In 2005, Gemstar finally decided to slash TV Guide's paid circulation to 3.2 million. It also gave up the iconic digest format -- returning to an idea it had tested but rejected in 1991. The company estimated that the revamp would cost about $110 million. In 2007, it ranked No. 20 on Ad Age's top 300 magazines list, up from No. 24 in 2006.
Today the magazine's buyers don't downplay the magazine's past, but are optimistic about its future. "The magazine's reinvention from a listings guide to a contemporary TV-entertainment magazine has been not only highly promising and successful to date but has also been a very costly undertaking," said Andrew Nikou, founder and managing partner at OpenGate Capital.
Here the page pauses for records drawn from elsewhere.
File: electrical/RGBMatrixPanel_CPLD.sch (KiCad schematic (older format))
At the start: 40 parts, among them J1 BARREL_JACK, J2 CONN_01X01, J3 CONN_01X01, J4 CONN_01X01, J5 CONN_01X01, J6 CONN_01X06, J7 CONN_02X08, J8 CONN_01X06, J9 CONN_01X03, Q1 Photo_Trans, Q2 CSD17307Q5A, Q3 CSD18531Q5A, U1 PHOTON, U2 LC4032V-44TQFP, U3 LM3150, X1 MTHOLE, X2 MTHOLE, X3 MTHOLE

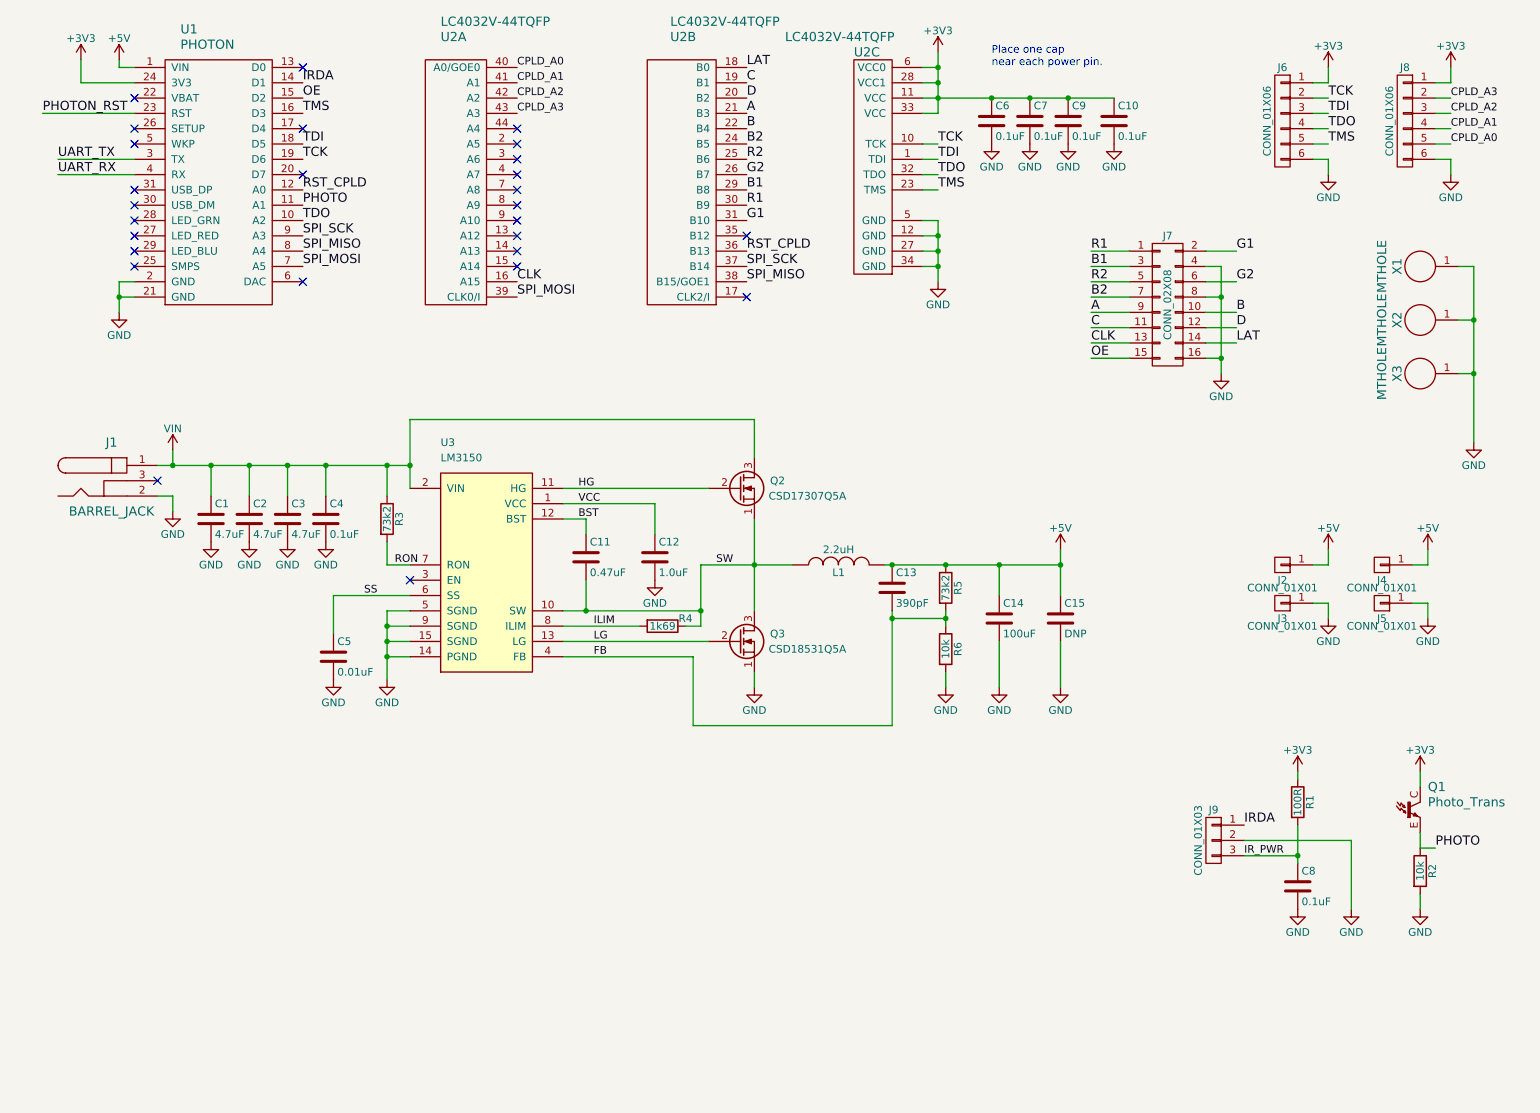
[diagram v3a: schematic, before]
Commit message: Added buck converter
Added an on-board 24V to 5V buck converter to lower the current going
through the connector to a safe level. Now the magic smoke stays safely
contained.
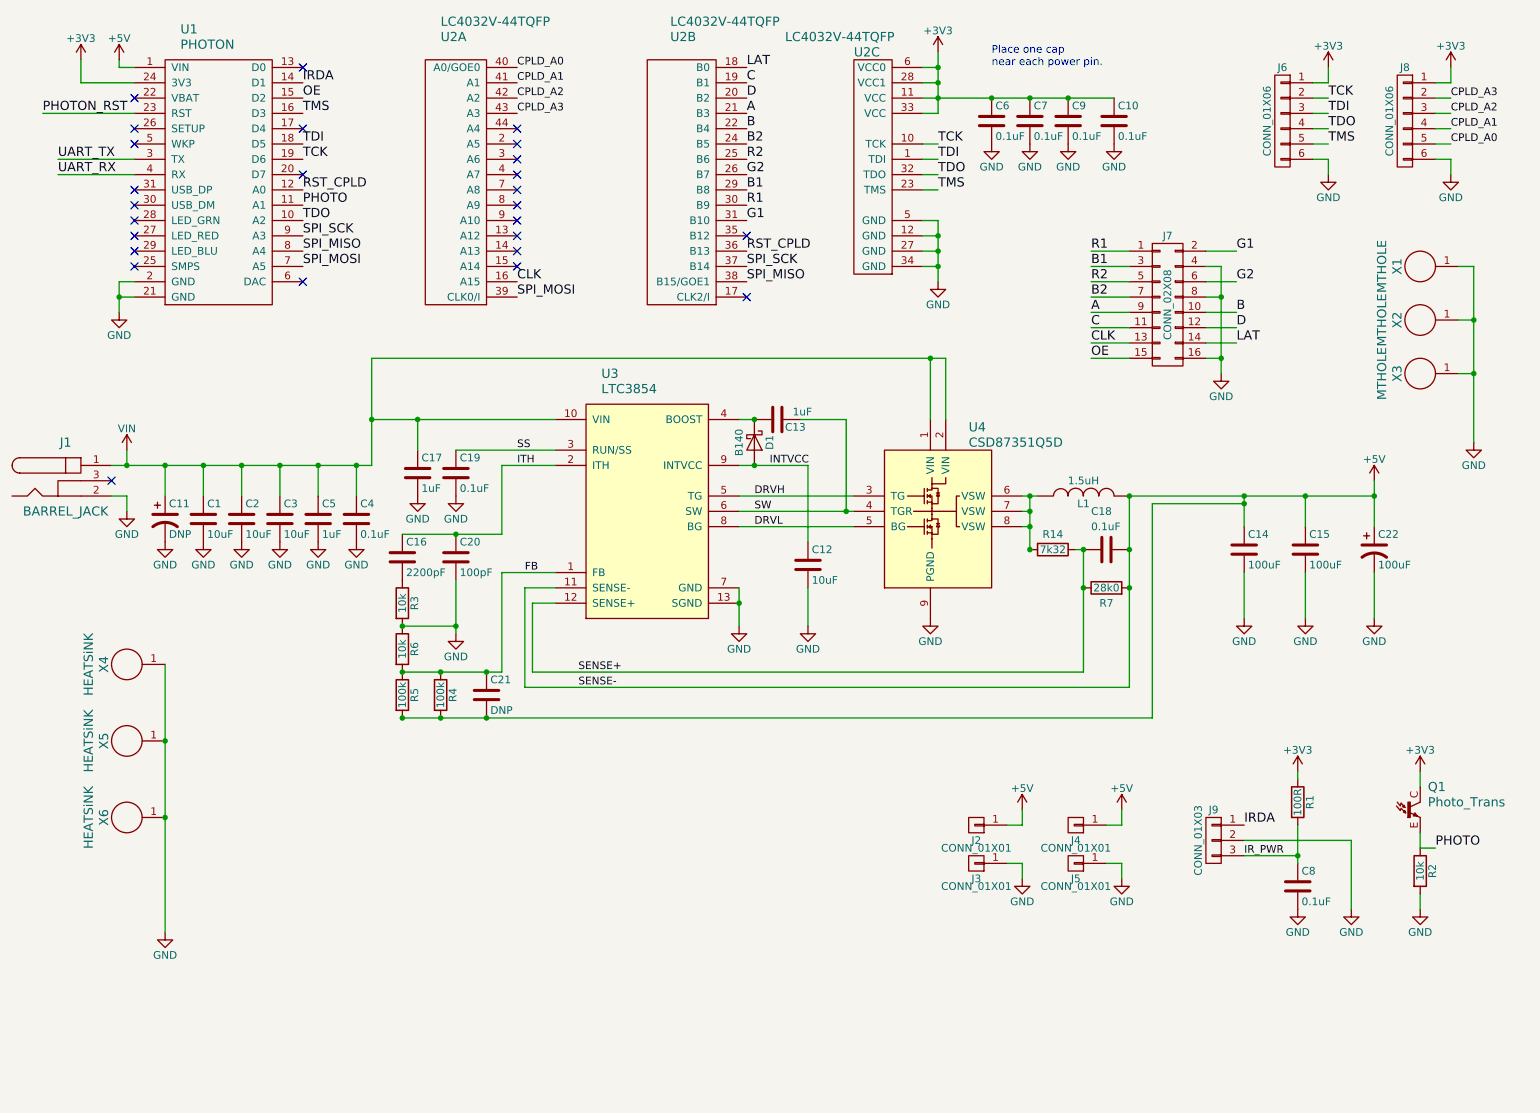
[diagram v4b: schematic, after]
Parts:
- removed C11: 0.47uF, Capacitors_SMD:C_0805, symbol C
- removed Q2: CSD17307Q5A, Reclaimer_Labs:MOSFET_Q5A, symbol Q_NMOS_SGD
- removed Q3: CSD18531Q5A, Reclaimer_Labs:MOSFET_Q5A, symbol Q_NMOS_SGD
- removed U3: LM3150, Reclaimer_Labs:TSSOP-14-0.65mm-EP, symbol LM3150
- added C11: DNP, Capacitors_Tantalum_SMD:CP_Tantalum_Case-D_EIA-7343-31_Reflow, symbol CP1
- added C16: 2200pF, Capacitors_SMD:C_0603, symbol C
- added C17: 1uF, Capacitors_SMD:C_0603, symbol C
- added C18, C19: 0.1uF, Capacitors_SMD:C_0603, symbol C
- added C20: 100pF, Capacitors_SMD:C_0603, symbol C
- added C21: DNP, Capacitors_SMD:C_0603, symbol C
- added C22: 100uF, Capacitors_Tantalum_SMD:CP_Tantalum_Case-D_EIA-7343-31_Reflow, symbol CP1
- added D1: B140, Diodes_SMD:D_SMA_Standard, symbol D_Schottky
- added R14: 7k32, Capacitors_SMD:C_0603, symbol R
- added R7: 28k0, Capacitors_SMD:C_0603, symbol R
- added U3: LTC3854, Reclaimer_Labs:12-MSE, symbol LTC3854
- added U4: CSD87351Q5D, Reclaimer_Labs:CSD87351Q5D, symbol CSD87351Q5D
- added X4, X5, X6: HEATSiNK, Reclaimer_Labs:573100D00010G, symbol MTHOLE
- C1, C2, C3: value 4.7uF -> 10uF; Manufacturer Murata -> Samsung; Manufacturer Part Number GRM31CR71H475KA12L -> CL31A106MBHNNNE
- C10, C9: MacroFab Part Number (none) -> MF-CAP-0603-0.1uF; Manufacturer Yageo -> (none); Manufacturer Part Number CC0603KRX7R9BB103 -> (none); Supplier 1 Digikey -> (none); Supplier 1 Part Number 311-1085-1-ND -> (none)
- C12: value 1.0uF -> 10uF; footprint Capacitors_SMD:C_0603 -> Capacitors_SMD:C_0805; MacroFab Part Number MF-CAP-0603-1uF -> (none); Manufacturer (none) -> Taiyo Yuden; Manufacturer Part Number (none) -> TMK212BBJ106KG-T
- C13: value 390pF -> 1uF; MacroFab Part Number (none) -> MF-CAP-0603-1uF; Manufacturer Samsung -> (none); Manufacturer Part Number CL10B391KC8WPNC -> (none)
- C14: footprint Capacitors_SMD:C_1206 -> Capacitors_SMD:C_1210; Manufacturer Part Number GRM31CR60J107ME39L -> GRM32ER61A107ME20L
- C15: value DNP -> 100uF; footprint Capacitors_SMD:C_1206 -> Capacitors_SMD:C_1210; Manufacturer Part Number GRM31CR60J107ME39L -> GRM32ER61A107ME20L
- C4: footprint Capacitors_SMD:C_0805 -> Capacitors_SMD:C_0603; MacroFab Part Number MF-CAP-0805-0.1uF -> MF-CAP-0603-0.1uF
- C5: value 0.01uF -> 1uF; MacroFab Part Number MF-CAP-0603-0.01uF -> MF-CAP-0603-1uF
- C6, C7, C8: MacroFab Part Number (none) -> MF-CAP-0603-0.1uF; Manufacturer Yageo -> (none); Manufacturer Part Number CC0603KRX7R7BB104 -> (none); Supplier 1 Digikey -> (none); Supplier 1 Part Number 311-1088-1-ND -> (none)
- J6, J8, J9: DNP (none) -> DNP
- L1: value 2.2uH -> 1.5uH; Manufacturer Part Number SRP1270-2R2M -> SRP1270-1R5M
- Q1: footprint Reclaimer_Labs:Photo_Trans_0805 -> Reclaimer_Labs:Photo_Trans_ALS-PT19-315C; Manufacturer Rohm -> Everlight; Manufacturer Part Number RPM-075PTT86 -> ALS-PT19-315C/L177/TR8; Supplier 1 Digikey -> (none); Supplier 1 Part Number 511-1356-1-ND -> (none)
- R1: MacroFab Part Number (none) -> MF-RES-0603-100; Manufacturer Samsung -> (none); Manufacturer Part Number RC1608F101CS -> (none); Supplier 1 Digikey -> (none); Supplier 1 Part Number 1276-3482-1-ND -> (none)
- R2: MacroFab Part Number (none) -> MF-RES-0603-10K; Manufacturer Samsung -> (none); Manufacturer Part Number RC1608F103CS -> (none); Supplier 1 Digikey -> (none); Supplier 1 Part Number 1276-3485-1-ND -> (none)
- R3: value 73k2 -> 10k; MacroFab Part Number (none) -> MF-RES-0603-10K; Manufacturer Yageo -> (none); Manufacturer Part Number RC0603FR-0773K2L -> (none)
- R4: value 1k69 -> 100k; MacroFab Part Number MF-RES-0603-1.69K -> MF-RES-0603-100K
- R5: value 73k2 -> 100k; MacroFab Part Number (none) -> MF-RES-0603-100K; Manufacturer Yageo -> (none); Manufacturer Part Number RC0603FR-0773K2L -> (none)
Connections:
- net ILIM is gone; now on net +5V: R4.2
- net RON is gone; now on net GND: R3.2
- net +5V: now also R5.2, C18.1, C21.2, C22.1, R7.2, U3.11 (SENSE-); no longer C13.1, R5.1
- net FB: now also R4.1, R5.1, R6.2, C21.1, U3.1 (FB); no longer C13.2, R5.2, R6.1
- net GND: now also R6.1, C11.2, C17.2, C19.2, C20.2, C22.2, U3.13 (SGND), U3.7 (GND), U4.9 (PGND), X4.1, X5.1, X6.1; no longer R6.2
- net SS: now also C19.1, U3.3 (RUN/SS); no longer C5.1
- net SW: now also C13.1, U3.6 (SW), U4.4 (TGR); no longer L1.1, R4.1
- net VIN: now also C5.1, C11.1, C17.1, U3.10 (VIN), U4.1 (VIN), U4.2 (VIN); no longer R3.1
- net VCC renamed INTVCC
- net INTVCC: now also D1.2 (A), U3.9 (INTVCC)
- new net: L1.1, R14.2, U4.6 (VSW), U4.7 (VSW), U4.8 (VSW)
- new net: C13.2, D1.1 (K), U3.4 (BOOST)
- new net: C16.2, R3.1
- new net DRVH: U3.5 (TG), U4.3 (TG)
- new net DRVL: U3.8 (BG), U4.5 (BG)
- new net ITH: C16.1, C20.1, U3.2 (ITH)
- new net SENSE+: C18.2, R14.1, R7.1, U3.12 (SENSE+)
- no-connect marks 27 -> 26
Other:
- moved on the sheet: C1, C14, C15, C2, C3, C4, J1, J2, J3, J4, J5, L1

The magazine, which lost more than $20 million last year and will lose money again in 2008, still carries significant liabilities, he said. "OpenGate is stepping in with the commitment to successfully complete the magazine's turnaround, which targets restored profitability by the end of 2009, and to re-establishing TVGuide as the premier TV entertainment magazine in the country."
Scott Crystal, president of TV Guide magazine, agreed. "Private equity firms purchase and invest in companies to add value to established brands, grow the business and increase profitability," he said in a statement. "OpenGate Capital recognized TV Guide as a valued brand, even at a time when numerous other magazines have been shuttered."
Mr. Crystal and OpenGate's enthusiasm aside, there is a lot of skepticism in publishing circles. Though the title may return to profitability, it's doubtful it can return to the force it once was. Consider this comment from a former TV Guide staffer regarding the $1 sale price. "I was surprised," he said. "Looking back, I guess I shouldn't have been."